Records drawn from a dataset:
--------

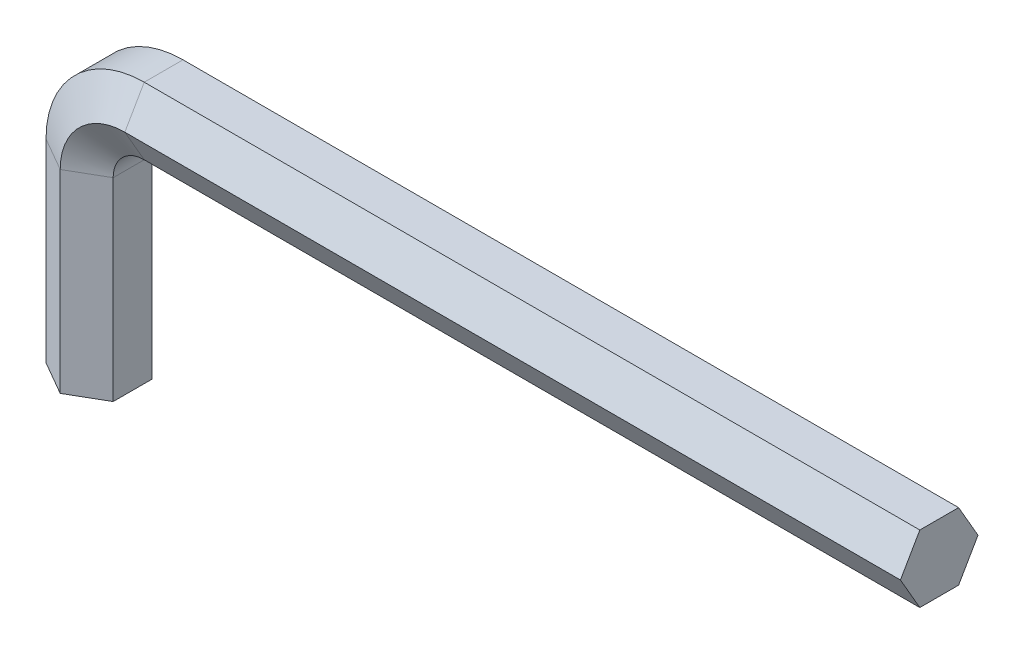
ISO-10303-21;
HEADER;
FILE_DESCRIPTION(('STEP AP214'),'2;1');
FILE_NAME('part.step','',(''),(''),'','','');
FILE_SCHEMA(('AUTOMOTIVE_DESIGN { 1 0 10303 214 1 1 1 1 }'));
ENDSEC;
DATA;
#1=APPLICATION_CONTEXT('core data for automotive mechanical design processes');
#2=APPLICATION_PROTOCOL_DEFINITION('international standard','automotive_design',2000,#1);
#3=PRODUCT_CONTEXT('',#1,'mechanical');
#4=PRODUCT('Part','Part','',(#3));
#5=PRODUCT_RELATED_PRODUCT_CATEGORY('part','',(#4));
#6=PRODUCT_DEFINITION_FORMATION('','',#4);
#7=PRODUCT_DEFINITION_CONTEXT('part definition',#1,'design');
#8=PRODUCT_DEFINITION('design','',#6,#7);
#9=PRODUCT_DEFINITION_SHAPE('','',#8);
#10=(LENGTH_UNIT() NAMED_UNIT(*) SI_UNIT(.MILLI.,.METRE.));
#11=(NAMED_UNIT(*) PLANE_ANGLE_UNIT() SI_UNIT($,.RADIAN.));
#12=(NAMED_UNIT(*) SI_UNIT($,.STERADIAN.) SOLID_ANGLE_UNIT());
#13=UNCERTAINTY_MEASURE_WITH_UNIT(LENGTH_MEASURE(1.E-05),#10,'distance_accuracy_value','');
#14=(GEOMETRIC_REPRESENTATION_CONTEXT(3) GLOBAL_UNCERTAINTY_ASSIGNED_CONTEXT((#13)) GLOBAL_UNIT_ASSIGNED_CONTEXT((#10,
#11,#12)) REPRESENTATION_CONTEXT('',''));
#15=CARTESIAN_POINT('',(0.,0.,0.));
#16=DIRECTION('',(0.,0.,1.));
#17=DIRECTION('',(1.,0.,0.));
#18=AXIS2_PLACEMENT_3D('',#15,#16,#17);
#19=CARTESIAN_POINT('',(62.3715948169983,0.,0.));
#20=DIRECTION('',(-1.,0.,0.));
#21=DIRECTION('',(0.,0.,1.));
#22=AXIS2_PLACEMENT_3D('',#19,#20,#21);
#23=PLANE('',#22);
#24=DIRECTION('',(0.,0.866025403784439,0.5));
#25=VECTOR('',#24,1.);
#26=CARTESIAN_POINT('',(62.3715948169983,-5.68289713359378,15.));
#27=LINE('',#26,#25);
#28=CARTESIAN_POINT('',(62.3715948169983,-5.68289713359378,15.));
#29=VERTEX_POINT('',#28);
#30=CARTESIAN_POINT('',(62.3715948169983,20.2978649799394,30.));
#31=VERTEX_POINT('',#30);
#32=EDGE_CURVE('E182',#29,#31,#27,.T.);
#33=ORIENTED_EDGE('',*,*,#32,.F.);
#34=DIRECTION('',(0.,0.,1.));
#35=VECTOR('',#34,1.);
#36=CARTESIAN_POINT('',(62.3715948169983,-5.68289713359378,-15.));
#37=LINE('',#36,#35);
#38=CARTESIAN_POINT('',(62.3715948169983,-5.68289713359378,-15.));
#39=VERTEX_POINT('',#38);
#40=EDGE_CURVE('E224',#39,#29,#37,.T.);
#41=ORIENTED_EDGE('',*,*,#40,.F.);
#42=DIRECTION('',(0.,-0.866025403784439,0.5));
#43=VECTOR('',#42,1.);
#44=CARTESIAN_POINT('',(62.3715948169983,20.2978649799394,-30.));
#45=LINE('',#44,#43);
#46=CARTESIAN_POINT('',(62.3715948169983,20.2978649799394,-30.));
#47=VERTEX_POINT('',#46);
#48=EDGE_CURVE('E211',#47,#39,#45,.T.);
#49=ORIENTED_EDGE('',*,*,#48,.F.);
#50=DIRECTION('',(0.,-0.866025403784439,-0.5));
#51=VECTOR('',#50,1.);
#52=CARTESIAN_POINT('',(62.3715948169983,46.2786270934726,-15.));
#53=LINE('',#52,#51);
#54=CARTESIAN_POINT('',(62.3715948169983,46.2786270934726,-15.));
#55=VERTEX_POINT('',#54);
#56=EDGE_CURVE('E134',#55,#47,#53,.T.);
#57=ORIENTED_EDGE('',*,*,#56,.F.);
#58=DIRECTION('',(0.,0.,-1.));
#59=VECTOR('',#58,1.);
#60=CARTESIAN_POINT('',(62.3715948169983,46.2786270934726,15.));
#61=LINE('',#60,#59);
#62=CARTESIAN_POINT('',(62.3715948169983,46.2786270934726,15.));
#63=VERTEX_POINT('',#62);
#64=EDGE_CURVE('E138',#63,#55,#61,.T.);
#65=ORIENTED_EDGE('',*,*,#64,.F.);
#66=DIRECTION('',(0.,0.866025403784439,-0.5));
#67=VECTOR('',#66,1.);
#68=CARTESIAN_POINT('',(62.3715948169983,20.2978649799394,30.));
#69=LINE('',#68,#67);
#70=EDGE_CURVE('E143',#31,#63,#69,.T.);
#71=ORIENTED_EDGE('',*,*,#70,.F.);
#72=EDGE_LOOP('',(#33,#41,#49,#57,#65,#71));
#73=FACE_BOUND('',#72,.T.);
#74=ADVANCED_FACE('F33',(#73),#23,.F.);
#75=CARTESIAN_POINT('',(-567.330540203062,-179.702135020061,0.));
#76=DIRECTION('',(0.,-1.,0.));
#77=DIRECTION('',(0.,0.,1.));
#78=AXIS2_PLACEMENT_3D('',#75,#76,#77);
#79=PLANE('',#78);
#80=DIRECTION('',(-0.866025403784439,0.,0.5));
#81=VECTOR('',#80,1.);
#82=CARTESIAN_POINT('',(-561.647643069469,-179.702135020061,15.));
#83=LINE('',#82,#81);
#84=CARTESIAN_POINT('',(-561.647643069469,-179.702135020061,15.));
#85=VERTEX_POINT('',#84);
#86=CARTESIAN_POINT('',(-587.628405183002,-179.702135020061,30.));
#87=VERTEX_POINT('',#86);
#88=EDGE_CURVE('E154',#85,#87,#83,.T.);
#89=ORIENTED_EDGE('',*,*,#88,.T.);
#90=DIRECTION('',(-0.866025403784439,0.,-0.5));
#91=VECTOR('',#90,1.);
#92=CARTESIAN_POINT('',(-587.628405183002,-179.702135020061,30.));
#93=LINE('',#92,#91);
#94=CARTESIAN_POINT('',(-613.609167296535,-179.702135020061,15.));
#95=VERTEX_POINT('',#94);
#96=EDGE_CURVE('E157',#87,#95,#93,.T.);
#97=ORIENTED_EDGE('',*,*,#96,.T.);
#98=DIRECTION('',(0.,0.,-1.));
#99=VECTOR('',#98,1.);
#100=CARTESIAN_POINT('',(-613.609167296535,-179.702135020061,15.));
#101=LINE('',#100,#99);
#102=CARTESIAN_POINT('',(-613.609167296535,-179.702135020061,-15.));
#103=VERTEX_POINT('',#102);
#104=EDGE_CURVE('E197',#95,#103,#101,.T.);
#105=ORIENTED_EDGE('',*,*,#104,.T.);
#106=DIRECTION('',(0.866025403784439,0.,-0.5));
#107=VECTOR('',#106,1.);
#108=CARTESIAN_POINT('',(-613.609167296535,-179.702135020061,-15.));
#109=LINE('',#108,#107);
#110=CARTESIAN_POINT('',(-587.628405183002,-179.702135020061,-30.));
#111=VERTEX_POINT('',#110);
#112=EDGE_CURVE('E52',#103,#111,#109,.T.);
#113=ORIENTED_EDGE('',*,*,#112,.T.);
#114=DIRECTION('',(0.866025403784439,0.,0.5));
#115=VECTOR('',#114,1.);
#116=CARTESIAN_POINT('',(-587.628405183002,-179.702135020061,-30.));
#117=LINE('',#116,#115);
#118=CARTESIAN_POINT('',(-561.647643069469,-179.702135020061,-15.));
#119=VERTEX_POINT('',#118);
#120=EDGE_CURVE('E46',#111,#119,#117,.T.);
#121=ORIENTED_EDGE('',*,*,#120,.T.);
#122=DIRECTION('',(0.,0.,1.));
#123=VECTOR('',#122,1.);
#124=CARTESIAN_POINT('',(-561.647643069469,-179.702135020061,-15.));
#125=LINE('',#124,#123);
#126=EDGE_CURVE('E11',#119,#85,#125,.T.);
#127=ORIENTED_EDGE('',*,*,#126,.T.);
#128=EDGE_LOOP('',(#89,#97,#105,#113,#121,#127));
#129=FACE_BOUND('',#128,.T.);
#130=ADVANCED_FACE('F156',(#129),#79,.T.);
#131=CARTESIAN_POINT('',(62.3715948169983,-5.68289713359378,15.));
#132=DIRECTION('',(0.,-0.5,0.866025403784439));
#133=DIRECTION('',(0.,-0.866025403784439,-0.5));
#134=AXIS2_PLACEMENT_3D('',#131,#132,#133);
#135=PLANE('',#134);
#136=DIRECTION('',(-1.,0.,0.));
#137=VECTOR('',#136,1.);
#138=CARTESIAN_POINT('',(62.3715948169983,20.2978649799394,30.));
#139=LINE('',#138,#137);
#140=CARTESIAN_POINT('',(-537.628405183002,20.2978649799394,30.));
#141=VERTEX_POINT('',#140);
#142=EDGE_CURVE('E187',#31,#141,#139,.T.);
#143=ORIENTED_EDGE('',*,*,#142,.T.);
#144=DIRECTION('',(0.,0.866025403784439,0.5));
#145=VECTOR('',#144,1.);
#146=CARTESIAN_POINT('',(-537.628405183002,-5.68289713359378,15.));
#147=LINE('',#146,#145);
#148=CARTESIAN_POINT('',(-537.628405183002,-5.68289713359378,15.));
#149=VERTEX_POINT('',#148);
#150=EDGE_CURVE('E256',#149,#141,#147,.T.);
#151=ORIENTED_EDGE('',*,*,#150,.F.);
#152=DIRECTION('',(-1.,0.,0.));
#153=VECTOR('',#152,1.);
#154=CARTESIAN_POINT('',(62.3715948169983,-5.68289713359378,15.));
#155=LINE('',#154,#153);
#156=EDGE_CURVE('E238',#29,#149,#155,.T.);
#157=ORIENTED_EDGE('',*,*,#156,.F.);
#158=ORIENTED_EDGE('',*,*,#32,.T.);
#159=EDGE_LOOP('',(#143,#151,#157,#158));
#160=FACE_BOUND('',#159,.T.);
#161=ADVANCED_FACE('F263',(#160),#135,.T.);
#162=CARTESIAN_POINT('',(62.3715948169983,20.2978649799394,30.));
#163=DIRECTION('',(0.,0.5,0.866025403784439));
#164=DIRECTION('',(0.,-0.866025403784439,0.5));
#165=AXIS2_PLACEMENT_3D('',#162,#163,#164);
#166=PLANE('',#165);
#167=DIRECTION('',(-1.,0.,0.));
#168=VECTOR('',#167,1.);
#169=CARTESIAN_POINT('',(62.3715948169983,46.2786270934726,15.));
#170=LINE('',#169,#168);
#171=CARTESIAN_POINT('',(-537.628405183002,46.2786270934726,15.));
#172=VERTEX_POINT('',#171);
#173=EDGE_CURVE('E186',#63,#172,#170,.T.);
#174=ORIENTED_EDGE('',*,*,#173,.T.);
#175=DIRECTION('',(0.,0.866025403784439,-0.5));
#176=VECTOR('',#175,1.);
#177=CARTESIAN_POINT('',(-537.628405183002,20.2978649799394,30.));
#178=LINE('',#177,#176);
#179=EDGE_CURVE('E183',#141,#172,#178,.T.);
#180=ORIENTED_EDGE('',*,*,#179,.F.);
#181=ORIENTED_EDGE('',*,*,#142,.F.);
#182=ORIENTED_EDGE('',*,*,#70,.T.);
#183=EDGE_LOOP('',(#174,#180,#181,#182));
#184=FACE_BOUND('',#183,.T.);
#185=ADVANCED_FACE('F266',(#184),#166,.T.);
#186=CARTESIAN_POINT('',(62.3715948169983,46.2786270934726,15.));
#187=DIRECTION('',(0.,1.,0.));
#188=DIRECTION('',(0.,0.,1.));
#189=AXIS2_PLACEMENT_3D('',#186,#187,#188);
#190=PLANE('',#189);
#191=DIRECTION('',(-1.,0.,0.));
#192=VECTOR('',#191,1.);
#193=CARTESIAN_POINT('',(62.3715948169983,46.2786270934726,-15.));
#194=LINE('',#193,#192);
#195=CARTESIAN_POINT('',(-537.628405183002,46.2786270934726,-15.));
#196=VERTEX_POINT('',#195);
#197=EDGE_CURVE('E200',#55,#196,#194,.T.);
#198=ORIENTED_EDGE('',*,*,#197,.T.);
#199=DIRECTION('',(0.,0.,-1.));
#200=VECTOR('',#199,1.);
#201=CARTESIAN_POINT('',(-537.628405183002,46.2786270934726,15.));
#202=LINE('',#201,#200);
#203=EDGE_CURVE('E190',#172,#196,#202,.T.);
#204=ORIENTED_EDGE('',*,*,#203,.F.);
#205=ORIENTED_EDGE('',*,*,#173,.F.);
#206=ORIENTED_EDGE('',*,*,#64,.T.);
#207=EDGE_LOOP('',(#198,#204,#205,#206));
#208=FACE_BOUND('',#207,.T.);
#209=ADVANCED_FACE('F320',(#208),#190,.T.);
#210=CARTESIAN_POINT('',(62.3715948169983,46.2786270934726,-15.));
#211=DIRECTION('',(0.,0.5,-0.866025403784439));
#212=DIRECTION('',(0.,0.866025403784439,0.5));
#213=AXIS2_PLACEMENT_3D('',#210,#211,#212);
#214=PLANE('',#213);
#215=DIRECTION('',(-1.,0.,0.));
#216=VECTOR('',#215,1.);
#217=CARTESIAN_POINT('',(62.3715948169983,20.2978649799394,-30.));
#218=LINE('',#217,#216);
#219=CARTESIAN_POINT('',(-537.628405183002,20.2978649799394,-30.));
#220=VERTEX_POINT('',#219);
#221=EDGE_CURVE('E213',#47,#220,#218,.T.);
#222=ORIENTED_EDGE('',*,*,#221,.T.);
#223=DIRECTION('',(0.,-0.866025403784439,-0.5));
#224=VECTOR('',#223,1.);
#225=CARTESIAN_POINT('',(-537.628405183002,46.2786270934726,-15.));
#226=LINE('',#225,#224);
#227=EDGE_CURVE('E203',#196,#220,#226,.T.);
#228=ORIENTED_EDGE('',*,*,#227,.F.);
#229=ORIENTED_EDGE('',*,*,#197,.F.);
#230=ORIENTED_EDGE('',*,*,#56,.T.);
#231=EDGE_LOOP('',(#222,#228,#229,#230));
#232=FACE_BOUND('',#231,.T.);
#233=ADVANCED_FACE('F328',(#232),#214,.T.);
#234=CARTESIAN_POINT('',(62.3715948169983,20.2978649799394,-30.));
#235=DIRECTION('',(0.,-0.5,-0.866025403784439));
#236=DIRECTION('',(0.,0.866025403784439,-0.5));
#237=AXIS2_PLACEMENT_3D('',#234,#235,#236);
#238=PLANE('',#237);
#239=DIRECTION('',(-1.,0.,0.));
#240=VECTOR('',#239,1.);
#241=CARTESIAN_POINT('',(62.3715948169983,-5.68289713359378,-15.));
#242=LINE('',#241,#240);
#243=CARTESIAN_POINT('',(-537.628405183002,-5.68289713359378,-15.));
#244=VERTEX_POINT('',#243);
#245=EDGE_CURVE('E226',#39,#244,#242,.T.);
#246=ORIENTED_EDGE('',*,*,#245,.T.);
#247=DIRECTION('',(0.,-0.866025403784439,0.5));
#248=VECTOR('',#247,1.);
#249=CARTESIAN_POINT('',(-537.628405183002,20.2978649799394,-30.));
#250=LINE('',#249,#248);
#251=EDGE_CURVE('E216',#220,#244,#250,.T.);
#252=ORIENTED_EDGE('',*,*,#251,.F.);
#253=ORIENTED_EDGE('',*,*,#221,.F.);
#254=ORIENTED_EDGE('',*,*,#48,.T.);
#255=EDGE_LOOP('',(#246,#252,#253,#254));
#256=FACE_BOUND('',#255,.T.);
#257=ADVANCED_FACE('F338',(#256),#238,.T.);
#258=CARTESIAN_POINT('',(62.3715948169983,-5.68289713359378,-15.));
#259=DIRECTION('',(0.,-1.,0.));
#260=DIRECTION('',(0.,0.,-1.));
#261=AXIS2_PLACEMENT_3D('',#258,#259,#260);
#262=PLANE('',#261);
#263=DIRECTION('',(0.,0.,1.));
#264=VECTOR('',#263,1.);
#265=CARTESIAN_POINT('',(-537.628405183002,-5.68289713359378,-15.));
#266=LINE('',#265,#264);
#267=EDGE_CURVE('E229',#244,#149,#266,.T.);
#268=ORIENTED_EDGE('',*,*,#267,.F.);
#269=ORIENTED_EDGE('',*,*,#245,.F.);
#270=ORIENTED_EDGE('',*,*,#40,.T.);
#271=ORIENTED_EDGE('',*,*,#156,.T.);
#272=EDGE_LOOP('',(#268,#269,#270,#271));
#273=FACE_BOUND('',#272,.T.);
#274=ADVANCED_FACE('F279',(#273),#262,.T.);
#275=CARTESIAN_POINT('',(-537.628405183002,-29.7021350200607,15.));
#276=DIRECTION('',(0.,0.,1.));
#277=DIRECTION('',(1.,0.,0.));
#278=AXIS2_PLACEMENT_3D('',#275,#276,#277);
#279=CONICAL_SURFACE('',#278,24.0192378864669,1.0471975511966);
#280=CARTESIAN_POINT('',(-537.628405183002,-29.7021350200607,30.));
#281=DIRECTION('',(0.,0.,1.));
#282=DIRECTION('',(0.,1.,0.));
#283=AXIS2_PLACEMENT_3D('',#280,#281,#282);
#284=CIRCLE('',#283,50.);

--------

### THE PROBLEM
For this exercise, please output exactly the lines above starting at the line with "#48=EDGE_CURVE('E211',#47,#39,#45,.T.);" and ending at the line with "#59=VECTOR('',#58,1.);", ends included.

### RESULT
#48=EDGE_CURVE('E211',#47,#39,#45,.T.);
#49=ORIENTED_EDGE('',*,*,#48,.F.);
#50=DIRECTION('',(0.,-0.866025403784439,-0.5));
#51=VECTOR('',#50,1.);
#52=CARTESIAN_POINT('',(62.3715948169983,46.2786270934726,-15.));
#53=LINE('',#52,#51);
#54=CARTESIAN_POINT('',(62.3715948169983,46.2786270934726,-15.));
#55=VERTEX_POINT('',#54);
#56=EDGE_CURVE('E134',#55,#47,#53,.T.);
#57=ORIENTED_EDGE('',*,*,#56,.F.);
#58=DIRECTION('',(0.,0.,-1.));
#59=VECTOR('',#58,1.);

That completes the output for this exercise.